BRIEF:
Could you set down the lines from the first line of the entries below through the line with "import ezdxf", exactly and with no pictures?

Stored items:
Content starts
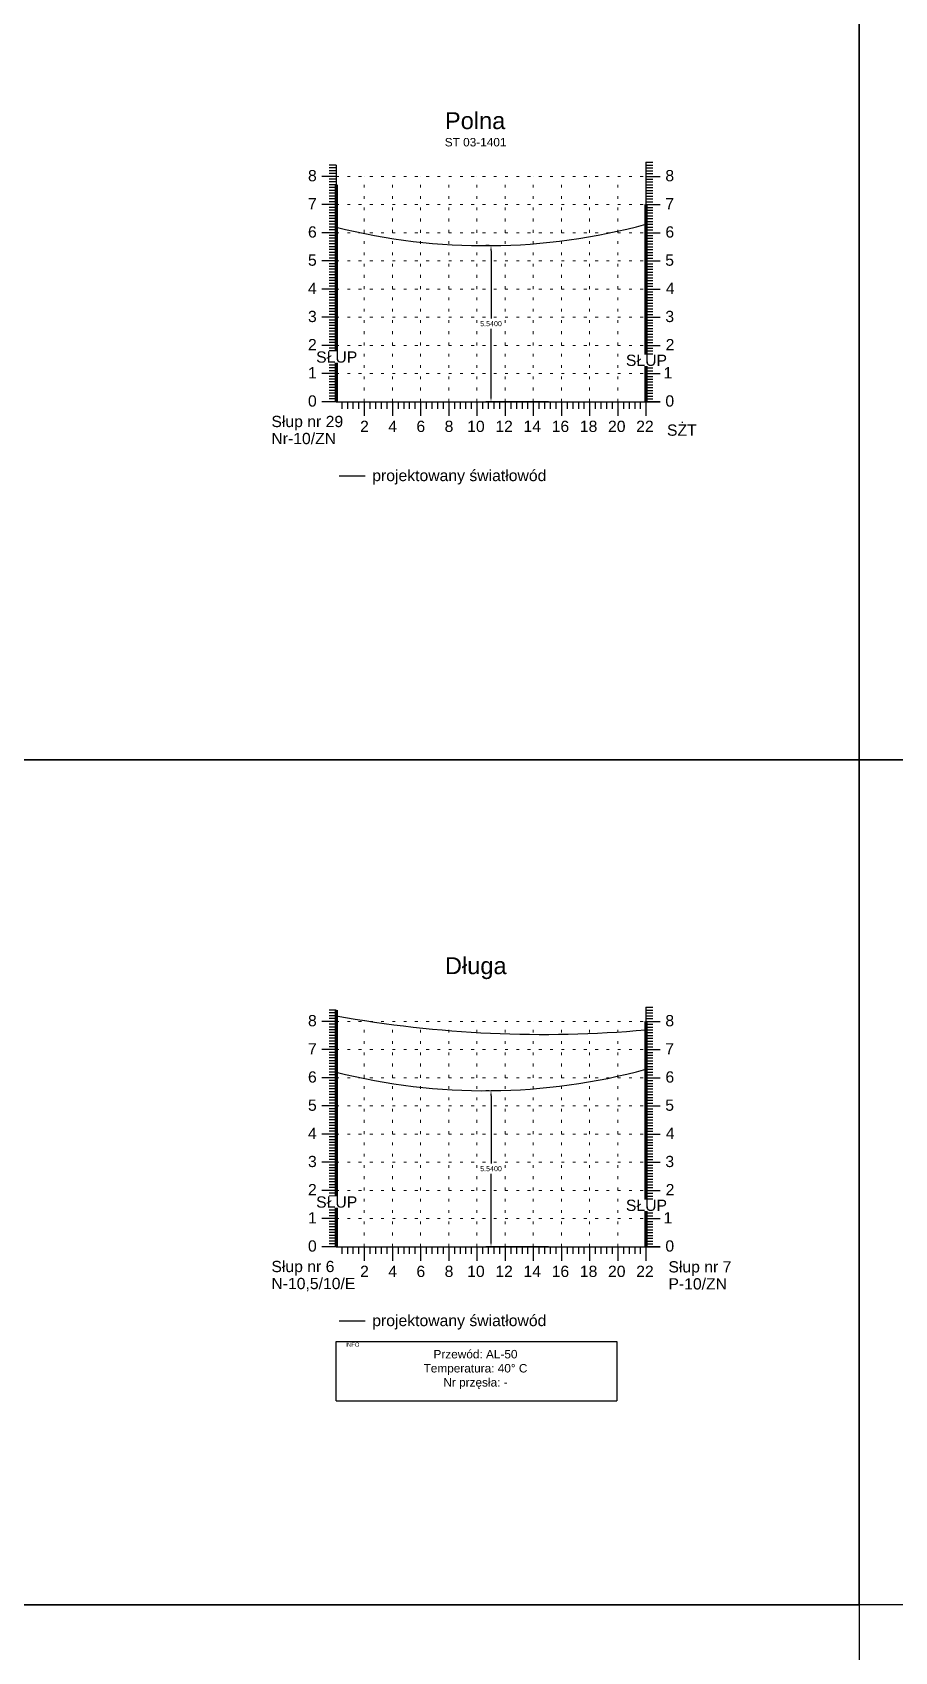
# Model space of a CAD drawing. Header units: metres. Extents: x -155 to 1812, y 681 to 886.
# Drawn here: x 325.2 to 355.8, y 768.9 to 826.4 of the extents above; entities that cross this region are included whole.
import ezdxf

# ---------------------------------------------------------------- set-up
doc = ezdxf.new("R2010")
doc.units = ezdxf.units.M
doc.header["$MEASUREMENT"] = 0
doc.linetypes.add('ACAD_ISO07W100', pattern=[3, 0, -3])
doc.layers.add('ramka', color=7, linetype='Continuous', plot=False)
doc.styles.get("Standard").update_dxf_attribs({"font": 'arial.ttf'})
doc.dimstyles.get("Standard").update_dxf_attribs({"dimtxt": 0.18, "dimasz": 0.18, "dimexe": 0.18, "dimexo": 0.0625, "dimgap": 0.09, "dimtad": 0, "dimtih": 1, "dimtoh": 1, "dimdec": 4, "dimzin": 0, "dimdsep": 46, "dimtxsty": 'Standard', "dimcen": 0.09, "dimadec": 0, "dimazin": 0, "dimtfac": 1, "dimtdec": 4, "dimtofl": 0, "dimtmove": 0, "dimatfit": 3, "dimfxl": 1, "dimtolj": 1, "dimtzin": 0, "dimarcsym": 0})

# ---------------------------------------------------------------- blocks, each defined once
blk = doc.blocks.new('*D358')
at = {"color": 0, "lineweight": -2}
for p, q in [((341.409, 818.78), (341.292, 818.78)), ((341.472, 818.6), (341.472, 816.192)), ((341.472, 813.42), (341.472, 815.828)), ((343.509, 813.24), (341.292, 813.24))]:
    blk.add_line(p, q, dxfattribs=at)
at = {"color": 0}
for points in [[(341.502, 818.6), (341.442, 818.6), (341.472, 818.78)], [(341.442, 813.42), (341.502, 813.42), (341.472, 813.24)]]:
    blk.add_solid(points, dxfattribs=at)
at = {"layer": 'Defpoints', "color": 0}
for p in [(341.472, 818.78), (341.472, 813.24), (343.572, 813.24)]:
    blk.add_point(p, dxfattribs=at)
at = {"color": 0, "lineweight": 25, "insert": (341.472, 816.01), "char_height": 0.18, "attachment_point": 5}
blk.add_mtext('\\A1;5.5400', dxfattribs=at)
blk = doc.blocks.new('*D278')
at = {"color": 0, "lineweight": -2}
for p, q in [((341.409, 788.78), (341.292, 788.78)), ((341.472, 788.6), (341.472, 786.192)), ((341.472, 783.42), (341.472, 785.828)), ((343.509, 783.24), (341.292, 783.24))]:
    blk.add_line(p, q, dxfattribs=at)
at = {"color": 0}
for points in [[(341.502, 788.6), (341.442, 788.6), (341.472, 788.78)], [(341.442, 783.42), (341.502, 783.42), (341.472, 783.24)]]:
    blk.add_solid(points, dxfattribs=at)
at = {"layer": 'Defpoints', "color": 0}
for p in [(341.472, 788.78), (341.472, 783.24), (343.572, 783.24)]:
    blk.add_point(p, dxfattribs=at)
at = {"color": 0, "lineweight": 25, "insert": (341.472, 786.01), "char_height": 0.18, "attachment_point": 5}
blk.add_mtext('\\A1;5.5400', dxfattribs=at)

msp = doc.modelspace()

# ---------------------------------------------------------------- linework, layer by layer
for p, q in [((335.97194, 821.64029), (335.72194, 821.64029)), ((335.97194, 821.64029), (335.72194, 821.64029)), ((335.97194, 821.54029), (335.72194, 821.54029)), ((335.97194, 821.54029), (335.72194, 821.54029)), ((335.97194, 821.64029), (335.97194, 813.24029)), ((346.97194, 821.74029), (346.97194, 813.24029)), ((346.97194, 821.74029), (347.22194, 821.74029)), ((346.97194, 821.74029), (347.22194, 821.74029)), ((346.97194, 821.64029), (347.22194, 821.64029)), ((346.97194, 821.64029), (347.22194, 821.64029)), ((346.97194, 821.54029), (347.22194, 821.54029)), ((346.97194, 821.54029), (347.22194, 821.54029)), ((335.97194, 821.24029), (335.47194, 821.24029)), ((335.97194, 821.24029), (335.47194, 821.24029)), ((335.97194, 821.24029), (335.47194, 821.24029)), ((335.97194, 821.24029), (335.47194, 821.24029)), ((335.97194, 821.44029), (335.72194, 821.44029)), ((335.97194, 821.44029), (335.72194, 821.44029)), ((335.97194, 821.34029), (335.72194, 821.34029)), ((335.97194, 821.34029), (335.72194, 821.34029)), ((335.97194, 821.14029), (335.72194, 821.14029)), ((335.97194, 821.04029), (335.72194, 821.04029)), ((335.97194, 820.94029), (335.72194, 820.94029)), ((346.97194, 821.44029), (347.22194, 821.44029)), ((346.97194, 821.44029), (347.22194, 821.44029)), ((346.97194, 821.34029), (347.22194, 821.34029)), ((346.97194, 821.34029), (347.22194, 821.34029)), ((346.97194, 821.24029), (347.47194, 821.24029)), ((346.97194, 821.24029), (347.47194, 821.24029)), ((346.97194, 821.24029), (347.47194, 821.24029)), ((346.97194, 821.24029), (347.47194, 821.24029)), ((346.97194, 821.14029), (347.22194, 821.14029)), ((346.97194, 821.04029), (347.22194, 821.04029)), ((346.97194, 820.94029), (347.22194, 820.94029)), ((335.97194, 820.84029), (335.72194, 820.84029)), ((335.97194, 820.74029), (335.72194, 820.74029)), ((335.97194, 820.64029), (335.72194, 820.64029)), ((335.97194, 820.54029), (335.72194, 820.54029)), ((335.97194, 820.44029), (335.72194, 820.44029)), ((335.97194, 820.34029), (335.72194, 820.34029)), ((346.97194, 820.84029), (347.22194, 820.84029)), ((346.97194, 820.74029), (347.22194, 820.74029)), ((346.97194, 820.64029), (347.22194, 820.64029)), ((346.97194, 820.54029), (347.22194, 820.54029)), ((346.97194, 820.44029), (347.22194, 820.44029)), ((346.97194, 820.34029), (347.22194, 820.34029)), ((335.97194, 820.24029), (335.47194, 820.24029)), ((335.97194, 820.24029), (335.47194, 820.24029)), ((335.97194, 820.14029), (335.72194, 820.14029)), ((335.97194, 820.04029), (335.72194, 820.04029)), ((335.97194, 819.94029), (335.72194, 819.94029)), ((335.97194, 819.84029), (335.72194, 819.84029)), ((346.97194, 820.24029), (347.47194, 820.24029)), ((346.97194, 820.24029), (347.47194, 820.24029)), ((346.97194, 820.14029), (347.22194, 820.14029)), ((346.97194, 820.04029), (347.22194, 820.04029)), ((346.97194, 819.94029), (347.22194, 819.94029)), ((346.97194, 819.84029), (347.22194, 819.84029)), ((335.97194, 819.24029), (335.47194, 819.24029)), ((335.97194, 819.24029), (335.47194, 819.24029)), ((335.97194, 819.74029), (335.72194, 819.74029)), ((335.97194, 819.64029), (335.72194, 819.64029)), ((335.97194, 819.54029), (335.72194, 819.54029)), ((335.97194, 819.44029), (335.72194, 819.44029)), ((335.97194, 819.34029), (335.72194, 819.34029)), ((346.97194, 819.74029), (347.22194, 819.74029)), ((346.97194, 819.64029), (347.22194, 819.64029)), ((346.97194, 819.54029), (347.22194, 819.54029)), ((346.97194, 819.44029), (347.22194, 819.44029)), ((346.97194, 819.34029), (347.22194, 819.34029)), ((346.97194, 819.24029), (347.47194, 819.24029)), ((346.97194, 819.24029), (347.47194, 819.24029)), ((335.97194, 819.14029), (335.72194, 819.14029)), ((335.97194, 819.04029), (335.72194, 819.04029)), ((335.97194, 818.94029), (335.72194, 818.94029)), ((335.97194, 818.84029), (335.72194, 818.84029)), ((335.97194, 818.74029), (335.72194, 818.74029)), ((335.97194, 818.64029), (335.72194, 818.64029)), ((346.97194, 819.14029), (347.22194, 819.14029)), ((346.97194, 819.04029), (347.22194, 819.04029)), ((346.97194, 818.94029), (347.22194, 818.94029)), ((346.97194, 818.84029), (347.22194, 818.84029)), ((346.97194, 818.74029), (347.22194, 818.74029)), ((346.97194, 818.64029), (347.22194, 818.64029)), ((335.97194, 818.24029), (335.47194, 818.24029)), ((335.97194, 818.24029), (335.47194, 818.24029)), ((335.97194, 818.54029), (335.72194, 818.54029)), ((335.97194, 818.44029), (335.72194, 818.44029)), ((335.97194, 818.34029), (335.72194, 818.34029)), ((335.97194, 818.14029), (335.72194, 818.14029)), ((335.97194, 818.04029), (335.72194, 818.04029)), ((346.97194, 818.54029), (347.22194, 818.54029)), ((346.97194, 818.44029), (347.22194, 818.44029)), ((346.97194, 818.34029), (347.22194, 818.34029)), ((346.97194, 818.24029), (347.47194, 818.24029)), ((346.97194, 818.24029), (347.47194, 818.24029)), ((346.97194, 818.14029), (347.22194, 818.14029)), ((346.97194, 818.04029), (347.22194, 818.04029)), ((335.97194, 817.94029), (335.72194, 817.94029)), ((335.97194, 817.84029), (335.72194, 817.84029)), ((335.97194, 817.74029), (335.72194, 817.74029)), ((335.97194, 817.64029), (335.72194, 817.64029)), ((335.97194, 817.54029), (335.72194, 817.54029)), ((346.97194, 817.94029), (347.22194, 817.94029)), ((346.97194, 817.84029), (347.22194, 817.84029)), ((346.97194, 817.74029), (347.22194, 817.74029)), ((346.97194, 817.64029), (347.22194, 817.64029)), ((346.97194, 817.54029), (347.22194, 817.54029)), ((335.97194, 817.24029), (335.47194, 817.24029)), ((335.97194, 817.24029), (335.47194, 817.24029)), ((335.97194, 817.44029), (335.72194, 817.44029)), ((335.97194, 817.34029), (335.72194, 817.34029)), ((335.97194, 817.14029), (335.72194, 817.14029)), ((335.97194, 817.04029), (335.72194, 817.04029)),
Content ends
SOLUTION TO THIS PROBLEM:
# Model space of a CAD drawing. Header units: metres. Extents: x -155 to 1812, y 681 to 886.
# Drawn here: x 325.2 to 355.8, y 768.9 to 826.4 of the extents above; entities that cross this region are included whole.
import ezdxf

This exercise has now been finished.